The Utah Consumer Privacy Act is the final state data privacy law to be coming into effect this year. It will become effective at the tail end of the year on December 31st, 2023. Enforcement will begin on the same day. However, one of the unique features of UCPA as it stands now, is that the Utah Attorney General and the Division of Consumer Protection will be required to submit a report evaluating the effectiveness of the statute by July 1st, 2025.Amendments should be expected to be derived from that report to augment the effectiveness of the current statute. UCPA is one of the more unique state data privacy laws and is considered to be the most business friendly to come into effect this year. It is heavily modeled after VCDPA, but with more scope and more leniency towards violations.
The Utah law extends consumer privacy rights similar to those found in VCDPA and the other laws modeled from it. However, unlike VCDPA and CPA, UCPA does not afford consumers the right to rectify their personal data, nor does it allow consumers to opt out of data profiling. Notably, UCPA does not provide consumers a right to request a data controller to delete all personal data collected on a consumer. The data controller is only obligated to delete personal data the consumer has provided the data controller.
Another way in which UCPA differs from VCDPA and CPA is that data controllers or processors are not required to establish an appeal process if they deny requests to exercise consumer rights. However, similarly to VCDPA and CPA businesses must respond to these data privacy right requests free of charge to the consumer, but have protections against “excessive, repetitive, technically infeasible, or manifestly unfounded.” Another area where UCPA separates itself from VCDPA and CPA is that not only does it exclude deidentified data, and publicly available information from its definition of personal data, but it also excludes aggregated data as well.
One of the parts of UCPA that separates it from its peer consumer privacy laws is the multi-layered enforcement approach. UCPA gives the Utah Attorney General exclusive enforcement authority, however that is not the first stage of enforcement. The Division of Consumer Protection is obligated to create a “system to receive consumer complaints.” If after investigating consumer complaints they believe there is “reasonable cause to believe that substantial evidence (of a violation) exists,” the director of the Division of Consumer Protection may submit a referral to the Utah Attorney General. The attorney general may then decide to take action, by notifying the offending party. The offending party then has 30 days to cure the violation or be subject to fines up to $7,500 per violation.

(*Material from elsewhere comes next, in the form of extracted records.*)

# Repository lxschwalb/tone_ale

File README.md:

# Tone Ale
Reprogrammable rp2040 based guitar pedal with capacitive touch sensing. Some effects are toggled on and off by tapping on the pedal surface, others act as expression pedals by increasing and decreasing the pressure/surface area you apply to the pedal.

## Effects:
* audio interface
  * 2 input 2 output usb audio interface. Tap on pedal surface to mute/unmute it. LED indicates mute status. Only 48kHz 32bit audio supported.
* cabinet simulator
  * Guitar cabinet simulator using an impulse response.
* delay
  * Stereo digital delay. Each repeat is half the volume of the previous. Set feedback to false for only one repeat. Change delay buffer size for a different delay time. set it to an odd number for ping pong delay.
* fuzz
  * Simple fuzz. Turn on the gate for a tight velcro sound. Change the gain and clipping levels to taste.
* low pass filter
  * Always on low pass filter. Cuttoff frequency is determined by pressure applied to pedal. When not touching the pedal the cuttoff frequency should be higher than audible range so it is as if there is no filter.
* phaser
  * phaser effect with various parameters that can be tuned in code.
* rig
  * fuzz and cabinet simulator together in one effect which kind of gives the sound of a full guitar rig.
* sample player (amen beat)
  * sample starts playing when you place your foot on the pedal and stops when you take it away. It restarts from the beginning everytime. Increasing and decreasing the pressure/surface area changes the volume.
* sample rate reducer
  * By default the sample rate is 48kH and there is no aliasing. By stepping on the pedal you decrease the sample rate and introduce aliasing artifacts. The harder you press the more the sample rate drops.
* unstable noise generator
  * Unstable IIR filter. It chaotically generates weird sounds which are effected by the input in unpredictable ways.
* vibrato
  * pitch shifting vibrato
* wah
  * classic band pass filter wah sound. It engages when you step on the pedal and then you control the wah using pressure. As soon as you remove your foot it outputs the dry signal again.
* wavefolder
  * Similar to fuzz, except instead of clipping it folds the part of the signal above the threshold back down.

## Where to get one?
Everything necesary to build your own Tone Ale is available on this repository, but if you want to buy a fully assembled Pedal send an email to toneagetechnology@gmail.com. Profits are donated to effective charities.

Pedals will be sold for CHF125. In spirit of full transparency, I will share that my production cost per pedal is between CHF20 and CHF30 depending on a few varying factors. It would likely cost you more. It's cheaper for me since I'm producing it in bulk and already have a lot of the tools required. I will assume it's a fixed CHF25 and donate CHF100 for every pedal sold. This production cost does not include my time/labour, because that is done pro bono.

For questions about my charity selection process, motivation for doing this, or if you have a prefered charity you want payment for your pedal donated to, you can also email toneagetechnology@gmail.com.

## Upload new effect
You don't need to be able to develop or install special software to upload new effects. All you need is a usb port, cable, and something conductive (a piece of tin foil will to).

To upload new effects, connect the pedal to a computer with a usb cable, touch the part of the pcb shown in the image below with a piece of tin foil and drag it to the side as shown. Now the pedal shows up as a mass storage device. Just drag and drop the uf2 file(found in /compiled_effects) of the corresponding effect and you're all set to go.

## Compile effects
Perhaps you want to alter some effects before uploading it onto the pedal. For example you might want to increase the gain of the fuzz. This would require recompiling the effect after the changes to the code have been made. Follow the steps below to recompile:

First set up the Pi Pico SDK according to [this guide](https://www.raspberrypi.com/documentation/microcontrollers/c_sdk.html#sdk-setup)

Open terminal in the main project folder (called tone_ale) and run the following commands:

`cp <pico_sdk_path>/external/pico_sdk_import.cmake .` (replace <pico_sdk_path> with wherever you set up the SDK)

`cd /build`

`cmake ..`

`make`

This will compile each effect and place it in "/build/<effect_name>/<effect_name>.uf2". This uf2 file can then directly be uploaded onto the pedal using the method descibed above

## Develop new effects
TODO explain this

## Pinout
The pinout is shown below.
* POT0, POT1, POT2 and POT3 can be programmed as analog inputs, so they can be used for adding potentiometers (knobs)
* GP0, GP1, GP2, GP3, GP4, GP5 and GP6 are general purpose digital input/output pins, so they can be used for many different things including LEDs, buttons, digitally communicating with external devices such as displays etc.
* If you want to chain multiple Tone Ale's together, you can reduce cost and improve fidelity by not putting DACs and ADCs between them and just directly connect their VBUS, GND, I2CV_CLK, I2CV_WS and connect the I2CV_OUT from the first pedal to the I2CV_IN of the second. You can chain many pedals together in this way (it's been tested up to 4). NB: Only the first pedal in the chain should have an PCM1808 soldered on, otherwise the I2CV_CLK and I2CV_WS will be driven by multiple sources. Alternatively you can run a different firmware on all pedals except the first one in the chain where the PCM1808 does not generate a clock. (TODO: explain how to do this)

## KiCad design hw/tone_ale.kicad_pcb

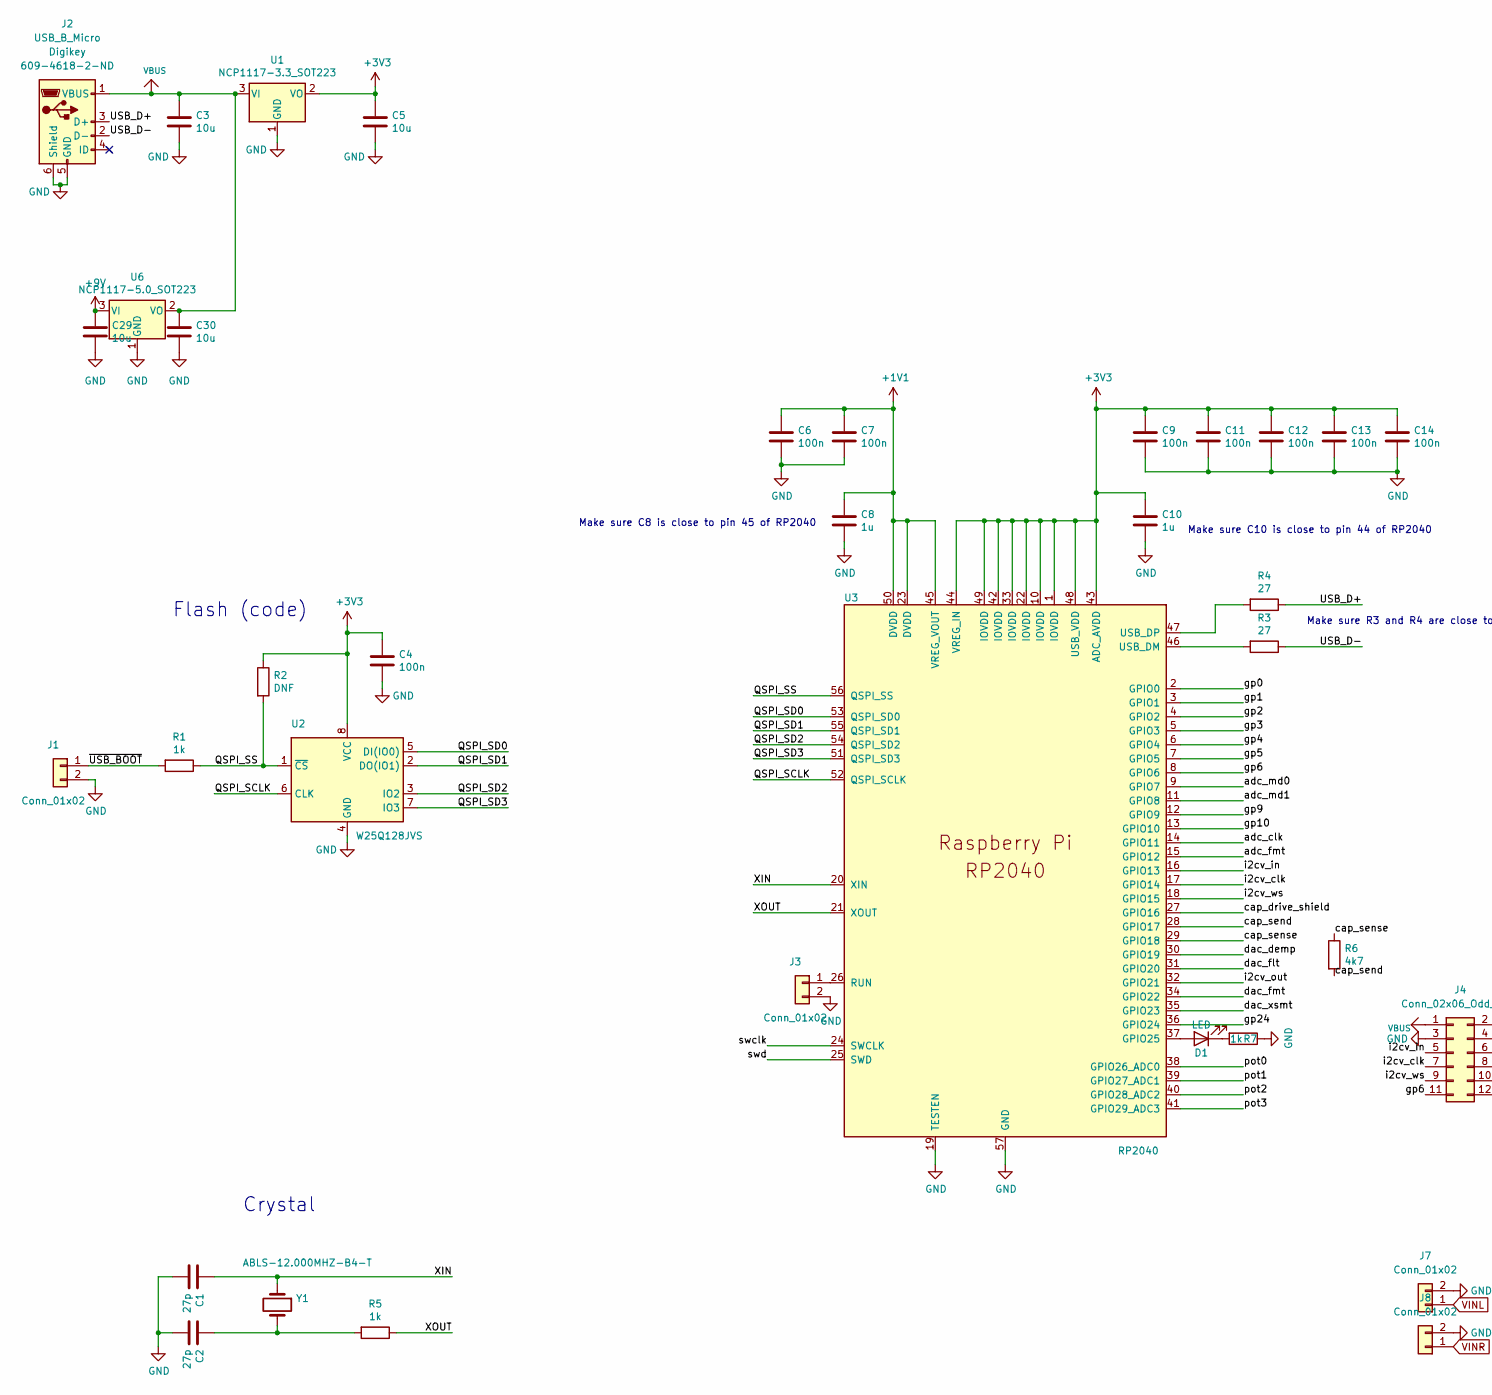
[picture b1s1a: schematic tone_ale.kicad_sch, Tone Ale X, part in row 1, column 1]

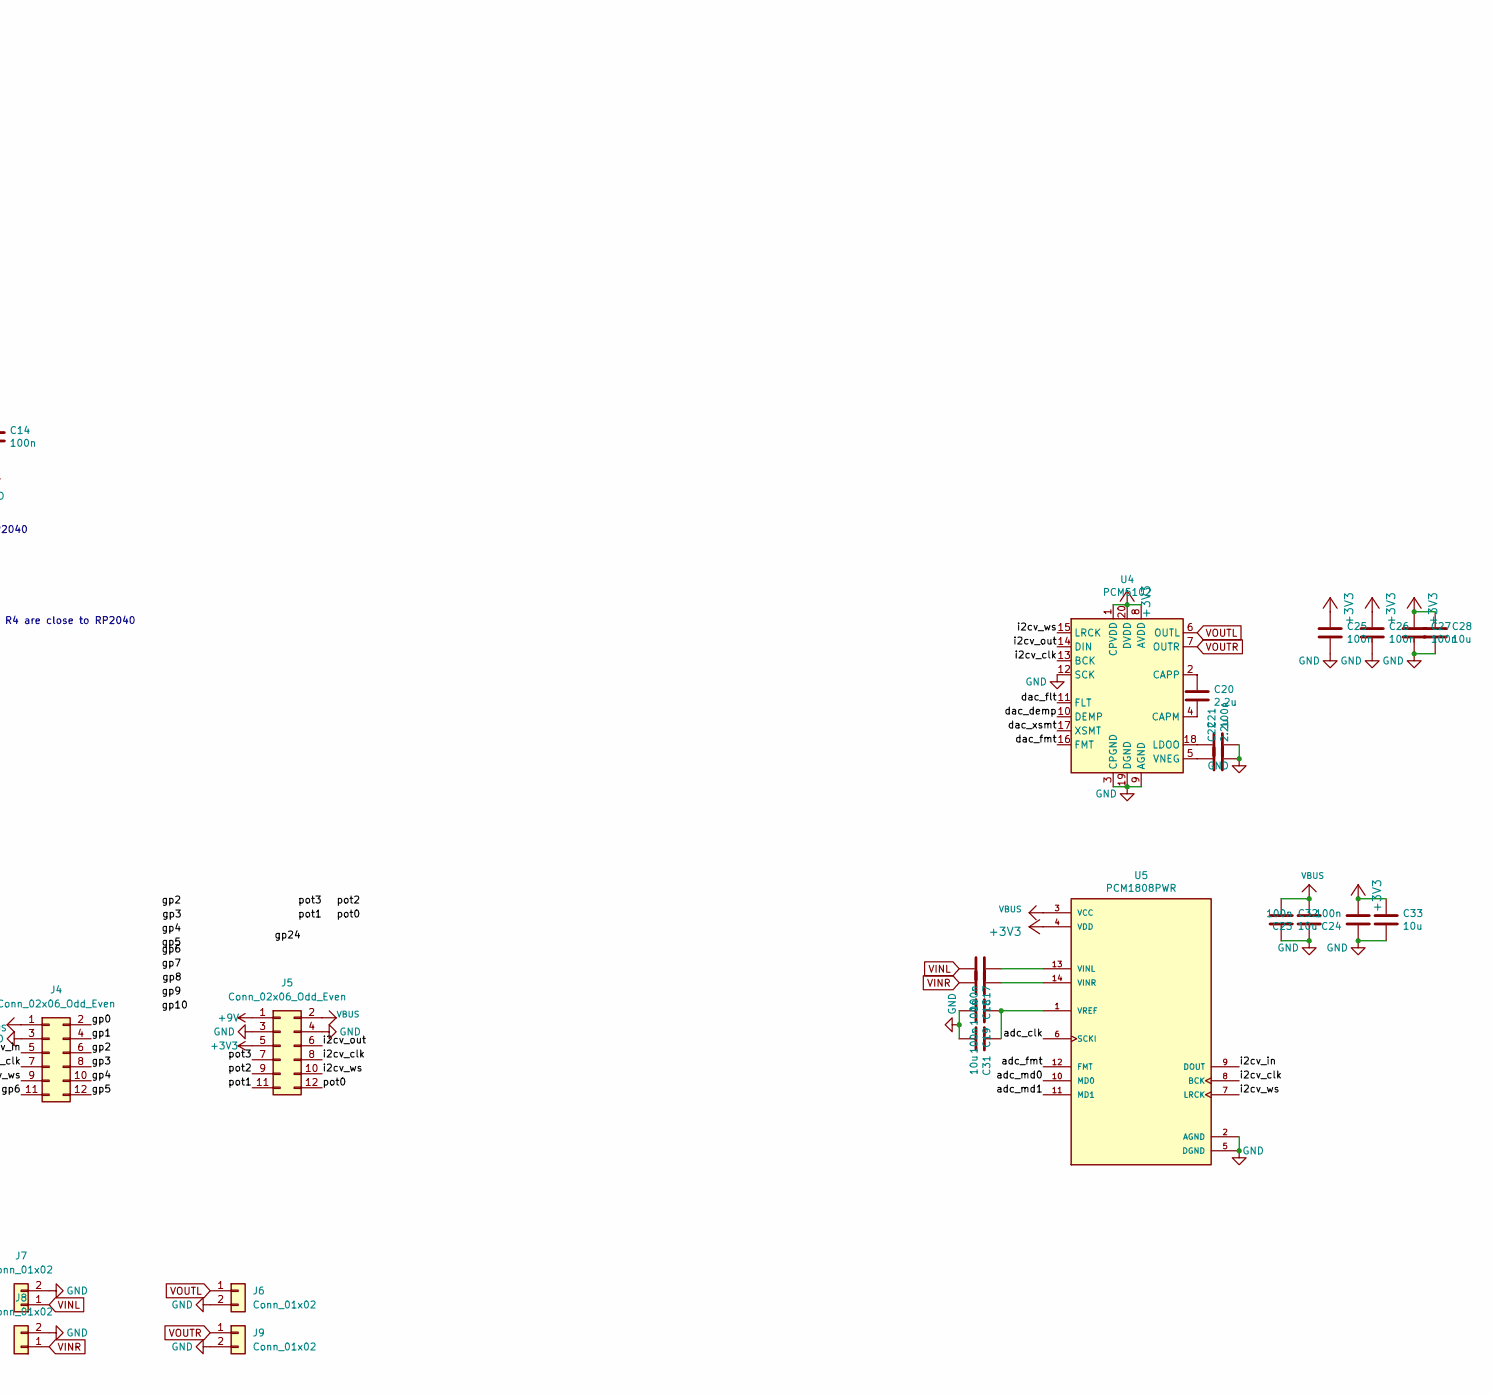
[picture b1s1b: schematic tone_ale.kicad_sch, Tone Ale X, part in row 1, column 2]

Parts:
C1, C2: 27p; C_0402_1005Metric
C3, C5, C29, C30: 10u; C_0805_2012Metric
C4, C6, C7, C9, C11, C12, C13, C14, C17, C18, C19, C21, C23, C24, C25, C26, C27: 100n; C_0402_1005Metric
C8, C10: 1u; C_0402_1005Metric
C20, C22: 2.2u; C_0402_1005Metric
C28, C31, C32, C33: 10u; CP_Radial_D4.0mm_P1.50mm
D1: LED; LED_D3.0mm_Horizontal_O1.27mm_Z2.0mm
J1, J3: Conn_01x02; SolderJumper-2_P1.3mm_Open_TrianglePad1.0x1.5mm
J2: USB_B_Micro; USB_Micro-B_Amphenol_10104110_Horizontal
J4, J5: Conn_02x06_Odd_Even; PinHeader_2x06_P2.54mm_Vertical
J6, J7, J8, J9: Conn_01x02; acjm_mhdr
R1, R5, R7: 1k; C_0402_1005Metric
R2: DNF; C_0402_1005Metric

With the level of leniency provided in this first iteration of UCPA there are real questions about how effective the enforcement arm of law will be and whether it will provide sufficient motivation to businesses subject to the law. Activity out of the Division of Consumer Protection and the Office of the Utah Attorney General will certainly be something to compare against the California Privacy Protection Agency and the Colorado and Virginia Attorneys General.